In the listing below, a line holding "#37=DIRECTION('',(0.,0.,-1.));" and a line holding "#54=DIRECTION('',(0.,0.,-1.));" mark the range. Retype both exactly, with all lines between them.

Information provided:
::::

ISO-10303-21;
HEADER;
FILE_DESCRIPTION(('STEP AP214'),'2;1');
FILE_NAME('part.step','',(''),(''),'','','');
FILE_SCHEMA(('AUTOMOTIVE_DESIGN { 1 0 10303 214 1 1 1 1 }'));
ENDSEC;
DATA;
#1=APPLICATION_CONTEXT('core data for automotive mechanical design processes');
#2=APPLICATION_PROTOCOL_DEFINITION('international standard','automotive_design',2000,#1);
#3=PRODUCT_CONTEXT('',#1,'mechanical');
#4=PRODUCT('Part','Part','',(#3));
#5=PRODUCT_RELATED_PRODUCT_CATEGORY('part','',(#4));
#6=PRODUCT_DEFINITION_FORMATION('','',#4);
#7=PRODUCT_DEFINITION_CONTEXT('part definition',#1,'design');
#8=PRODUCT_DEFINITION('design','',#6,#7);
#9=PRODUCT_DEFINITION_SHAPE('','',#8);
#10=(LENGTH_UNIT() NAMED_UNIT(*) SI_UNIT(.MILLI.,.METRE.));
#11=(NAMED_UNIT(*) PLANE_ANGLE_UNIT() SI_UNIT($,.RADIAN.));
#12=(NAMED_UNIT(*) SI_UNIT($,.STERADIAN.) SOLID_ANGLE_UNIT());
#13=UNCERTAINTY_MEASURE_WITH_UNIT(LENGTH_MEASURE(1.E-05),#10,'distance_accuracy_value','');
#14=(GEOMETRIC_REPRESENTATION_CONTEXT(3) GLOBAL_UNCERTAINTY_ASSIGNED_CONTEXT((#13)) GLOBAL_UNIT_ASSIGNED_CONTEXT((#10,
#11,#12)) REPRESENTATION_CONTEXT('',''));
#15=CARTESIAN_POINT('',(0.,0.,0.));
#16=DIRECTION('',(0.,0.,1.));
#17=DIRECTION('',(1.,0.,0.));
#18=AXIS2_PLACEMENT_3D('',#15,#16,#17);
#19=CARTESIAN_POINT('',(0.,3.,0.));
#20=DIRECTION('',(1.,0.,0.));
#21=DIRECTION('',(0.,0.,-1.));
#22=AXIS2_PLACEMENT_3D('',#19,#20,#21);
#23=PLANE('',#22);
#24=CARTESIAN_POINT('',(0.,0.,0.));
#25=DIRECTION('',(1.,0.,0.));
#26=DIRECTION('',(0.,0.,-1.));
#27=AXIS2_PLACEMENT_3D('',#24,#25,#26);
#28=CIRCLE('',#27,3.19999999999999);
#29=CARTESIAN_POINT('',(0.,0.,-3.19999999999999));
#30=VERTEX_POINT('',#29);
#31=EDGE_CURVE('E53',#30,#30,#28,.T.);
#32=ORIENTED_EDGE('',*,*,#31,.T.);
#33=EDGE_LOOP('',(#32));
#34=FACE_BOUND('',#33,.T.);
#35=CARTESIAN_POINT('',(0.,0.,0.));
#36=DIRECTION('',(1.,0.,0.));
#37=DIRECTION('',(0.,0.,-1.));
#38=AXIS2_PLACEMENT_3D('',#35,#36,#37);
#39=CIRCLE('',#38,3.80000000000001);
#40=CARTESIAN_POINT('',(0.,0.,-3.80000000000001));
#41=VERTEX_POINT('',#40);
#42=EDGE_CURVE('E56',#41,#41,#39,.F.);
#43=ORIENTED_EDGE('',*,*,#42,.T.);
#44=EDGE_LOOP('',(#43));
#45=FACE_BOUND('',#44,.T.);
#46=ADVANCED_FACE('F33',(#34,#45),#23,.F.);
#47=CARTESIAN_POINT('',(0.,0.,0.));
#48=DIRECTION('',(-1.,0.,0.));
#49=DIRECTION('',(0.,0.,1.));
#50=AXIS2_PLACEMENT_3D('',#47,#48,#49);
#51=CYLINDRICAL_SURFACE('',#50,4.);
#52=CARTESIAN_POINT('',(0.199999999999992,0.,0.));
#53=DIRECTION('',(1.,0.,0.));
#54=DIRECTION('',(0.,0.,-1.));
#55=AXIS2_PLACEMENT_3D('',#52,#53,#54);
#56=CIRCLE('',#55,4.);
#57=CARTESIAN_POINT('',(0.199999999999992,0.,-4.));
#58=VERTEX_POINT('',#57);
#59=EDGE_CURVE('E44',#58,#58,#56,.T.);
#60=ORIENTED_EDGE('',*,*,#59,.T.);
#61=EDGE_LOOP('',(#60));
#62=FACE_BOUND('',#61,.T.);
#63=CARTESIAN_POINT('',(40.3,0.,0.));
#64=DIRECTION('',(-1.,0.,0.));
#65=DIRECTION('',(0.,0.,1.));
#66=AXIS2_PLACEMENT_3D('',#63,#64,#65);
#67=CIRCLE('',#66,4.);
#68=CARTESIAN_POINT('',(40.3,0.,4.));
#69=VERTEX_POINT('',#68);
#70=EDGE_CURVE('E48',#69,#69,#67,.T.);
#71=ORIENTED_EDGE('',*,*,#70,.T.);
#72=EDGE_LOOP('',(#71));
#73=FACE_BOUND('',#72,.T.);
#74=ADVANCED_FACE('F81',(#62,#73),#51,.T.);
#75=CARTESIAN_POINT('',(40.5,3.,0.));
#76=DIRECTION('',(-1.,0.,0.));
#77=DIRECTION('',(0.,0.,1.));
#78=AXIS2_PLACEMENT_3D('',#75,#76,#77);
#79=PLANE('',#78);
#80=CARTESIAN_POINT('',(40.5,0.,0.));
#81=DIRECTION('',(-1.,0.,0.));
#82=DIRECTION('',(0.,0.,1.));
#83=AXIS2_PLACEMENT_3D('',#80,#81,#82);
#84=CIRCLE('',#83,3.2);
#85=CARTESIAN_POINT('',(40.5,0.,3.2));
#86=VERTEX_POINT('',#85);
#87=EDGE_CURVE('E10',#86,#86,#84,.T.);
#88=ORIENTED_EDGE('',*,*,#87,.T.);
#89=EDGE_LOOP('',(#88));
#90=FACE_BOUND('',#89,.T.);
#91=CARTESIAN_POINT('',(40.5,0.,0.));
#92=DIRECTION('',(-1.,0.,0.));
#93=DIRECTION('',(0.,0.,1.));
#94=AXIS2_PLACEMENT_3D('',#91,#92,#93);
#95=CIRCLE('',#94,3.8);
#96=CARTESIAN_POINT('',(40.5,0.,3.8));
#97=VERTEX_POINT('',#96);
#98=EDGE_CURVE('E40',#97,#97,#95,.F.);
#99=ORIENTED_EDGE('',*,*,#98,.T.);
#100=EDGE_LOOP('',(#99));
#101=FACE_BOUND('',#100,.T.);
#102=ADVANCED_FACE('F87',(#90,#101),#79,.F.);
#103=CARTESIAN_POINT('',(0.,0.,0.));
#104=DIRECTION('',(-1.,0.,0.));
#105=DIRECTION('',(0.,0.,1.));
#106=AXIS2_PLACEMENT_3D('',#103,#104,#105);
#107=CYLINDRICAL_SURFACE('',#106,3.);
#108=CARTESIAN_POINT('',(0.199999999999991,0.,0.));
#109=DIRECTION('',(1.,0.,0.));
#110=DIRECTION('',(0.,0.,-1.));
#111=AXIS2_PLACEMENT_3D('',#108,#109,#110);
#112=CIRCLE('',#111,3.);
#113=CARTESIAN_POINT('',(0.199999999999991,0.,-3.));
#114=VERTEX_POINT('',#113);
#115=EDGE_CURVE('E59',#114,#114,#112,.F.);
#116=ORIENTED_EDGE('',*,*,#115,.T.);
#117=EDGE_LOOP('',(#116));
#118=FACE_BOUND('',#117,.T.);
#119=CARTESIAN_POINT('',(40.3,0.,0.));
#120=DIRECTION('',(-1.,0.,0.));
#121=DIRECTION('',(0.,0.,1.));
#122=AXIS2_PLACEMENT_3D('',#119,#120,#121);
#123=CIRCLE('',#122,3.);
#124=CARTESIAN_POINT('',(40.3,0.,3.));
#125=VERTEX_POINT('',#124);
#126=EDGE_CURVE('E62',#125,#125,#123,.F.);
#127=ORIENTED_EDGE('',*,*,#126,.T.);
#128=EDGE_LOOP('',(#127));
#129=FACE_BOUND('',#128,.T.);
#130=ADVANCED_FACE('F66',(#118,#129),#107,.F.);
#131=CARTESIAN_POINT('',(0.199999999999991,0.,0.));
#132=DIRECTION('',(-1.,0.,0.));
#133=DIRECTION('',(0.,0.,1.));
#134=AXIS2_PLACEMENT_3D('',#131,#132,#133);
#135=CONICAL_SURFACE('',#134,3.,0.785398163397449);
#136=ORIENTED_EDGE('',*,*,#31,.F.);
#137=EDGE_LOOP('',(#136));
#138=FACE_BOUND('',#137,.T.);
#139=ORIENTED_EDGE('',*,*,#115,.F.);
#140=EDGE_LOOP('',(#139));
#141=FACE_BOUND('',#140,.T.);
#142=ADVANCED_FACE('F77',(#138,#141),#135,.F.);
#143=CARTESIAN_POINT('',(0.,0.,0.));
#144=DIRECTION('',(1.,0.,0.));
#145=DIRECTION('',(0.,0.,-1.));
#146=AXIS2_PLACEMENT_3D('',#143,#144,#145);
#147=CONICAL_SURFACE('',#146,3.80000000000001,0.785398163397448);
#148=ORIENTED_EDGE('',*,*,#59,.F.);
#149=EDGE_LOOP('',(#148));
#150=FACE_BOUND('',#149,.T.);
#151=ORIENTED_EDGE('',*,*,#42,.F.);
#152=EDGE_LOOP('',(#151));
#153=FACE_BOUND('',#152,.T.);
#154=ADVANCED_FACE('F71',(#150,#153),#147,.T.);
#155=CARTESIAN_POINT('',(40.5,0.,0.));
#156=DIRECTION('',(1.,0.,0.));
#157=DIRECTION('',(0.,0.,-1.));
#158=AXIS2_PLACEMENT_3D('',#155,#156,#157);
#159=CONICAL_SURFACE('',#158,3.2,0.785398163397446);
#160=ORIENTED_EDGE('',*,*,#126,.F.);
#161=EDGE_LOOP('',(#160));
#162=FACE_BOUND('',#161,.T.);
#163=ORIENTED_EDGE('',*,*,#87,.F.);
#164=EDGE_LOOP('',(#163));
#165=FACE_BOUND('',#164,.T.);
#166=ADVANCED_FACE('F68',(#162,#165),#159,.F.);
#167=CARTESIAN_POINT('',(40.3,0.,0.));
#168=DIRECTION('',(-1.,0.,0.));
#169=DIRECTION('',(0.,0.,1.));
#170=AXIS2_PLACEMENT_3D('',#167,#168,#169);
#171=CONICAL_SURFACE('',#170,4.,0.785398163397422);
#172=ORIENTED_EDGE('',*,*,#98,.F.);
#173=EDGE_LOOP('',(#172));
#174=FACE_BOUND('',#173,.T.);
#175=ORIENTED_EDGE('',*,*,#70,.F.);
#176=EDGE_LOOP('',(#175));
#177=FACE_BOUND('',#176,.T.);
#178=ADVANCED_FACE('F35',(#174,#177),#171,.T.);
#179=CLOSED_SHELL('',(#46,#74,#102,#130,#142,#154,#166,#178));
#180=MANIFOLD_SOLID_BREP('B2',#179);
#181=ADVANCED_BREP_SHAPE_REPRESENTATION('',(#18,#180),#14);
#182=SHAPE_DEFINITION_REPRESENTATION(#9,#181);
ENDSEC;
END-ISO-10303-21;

::::

Response for this exercise:
#37=DIRECTION('',(0.,0.,-1.));
#38=AXIS2_PLACEMENT_3D('',#35,#36,#37);
#39=CIRCLE('',#38,3.80000000000001);
#40=CARTESIAN_POINT('',(0.,0.,-3.80000000000001));
#41=VERTEX_POINT('',#40);
#42=EDGE_CURVE('E56',#41,#41,#39,.F.);
#43=ORIENTED_EDGE('',*,*,#42,.T.);
#44=EDGE_LOOP('',(#43));
#45=FACE_BOUND('',#44,.T.);
#46=ADVANCED_FACE('F33',(#34,#45),#23,.F.);
#47=CARTESIAN_POINT('',(0.,0.,0.));
#48=DIRECTION('',(-1.,0.,0.));
#49=DIRECTION('',(0.,0.,1.));
#50=AXIS2_PLACEMENT_3D('',#47,#48,#49);
#51=CYLINDRICAL_SURFACE('',#50,4.);
#52=CARTESIAN_POINT('',(0.199999999999992,0.,0.));
#53=DIRECTION('',(1.,0.,0.));
#54=DIRECTION('',(0.,0.,-1.));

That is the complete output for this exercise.